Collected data

►

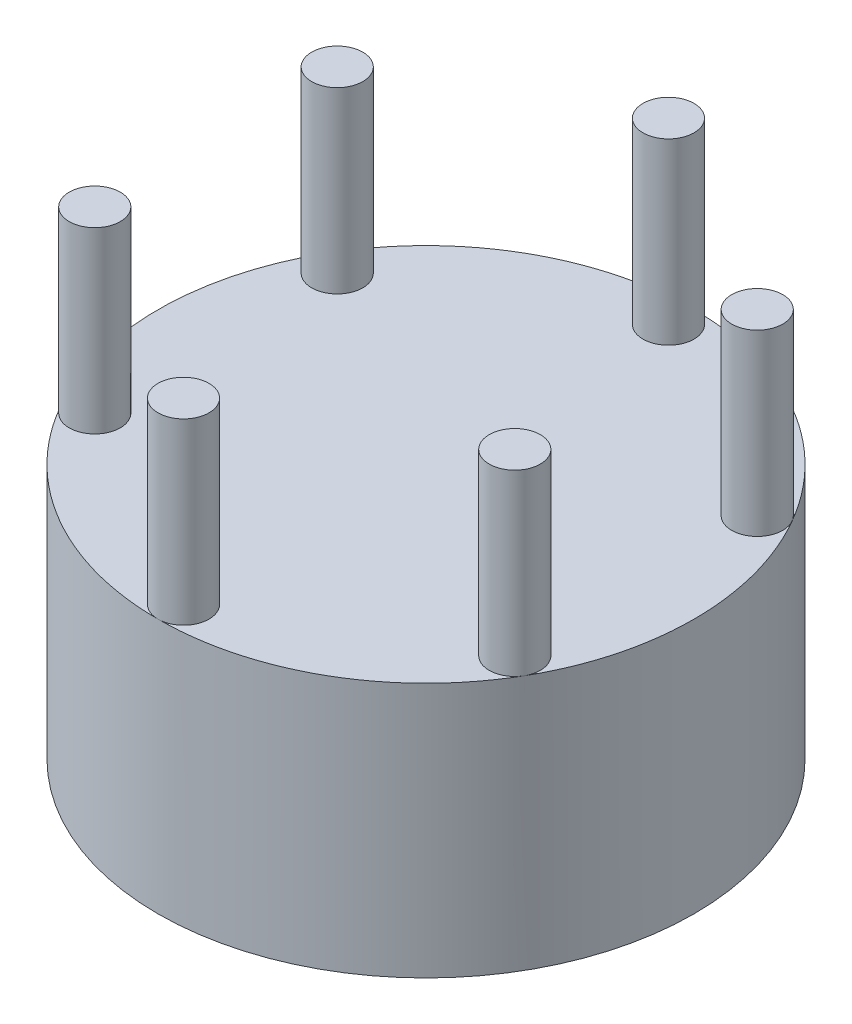
from build123d import *

# Parameters (mm, degrees)
SKETCH1_R           = 21
BOSS_EXTRUDE1_DEPTH = 20
SKETCH2_R           = 2
BOSS_EXTRUDE3_DEPTH = 14
CIRPATTERN1_COUNT   = 6


with BuildPart() as part:
    # Sketch1 → Boss-Extrude1 (new body)
    with BuildSketch(Plane(origin=(0, 0, 0), x_dir=(1, 0, 0), z_dir=(0, 1, 0))):
        Circle(SKETCH1_R)
    extrude(amount=BOSS_EXTRUDE1_DEPTH)

    # Sketch2 → Boss-Extrude3 (add)
    with BuildSketch(Plane(origin=(0, 20, 0), x_dir=(1, 0, 0), z_dir=(0, 1, 0))):
        with Locations((0, -19)):
            Circle(SKETCH2_R)
    boss_extrude3 = extrude(amount=BOSS_EXTRUDE3_DEPTH)

    # CirPattern1: Boss-Extrude3 ×6 about axis
    cirpattern1_axis = Axis((0, 0, 0), (0, 1, 0))
    for i in range(1, CIRPATTERN1_COUNT):
        add(boss_extrude3.rotate(cirpattern1_axis, i * 360 / CIRPATTERN1_COUNT))


solid = part.part

◄

Exercise prompt — Once the line with "add(boss_extrude3.rotate(cirpattern1_axis, i *" has been found in the records above, retype it and every line after it exactly, and include nothing else.

Reply —
        add(boss_extrude3.rotate(cirpattern1_axis, i * 360 / CIRPATTERN1_COUNT))


solid = part.part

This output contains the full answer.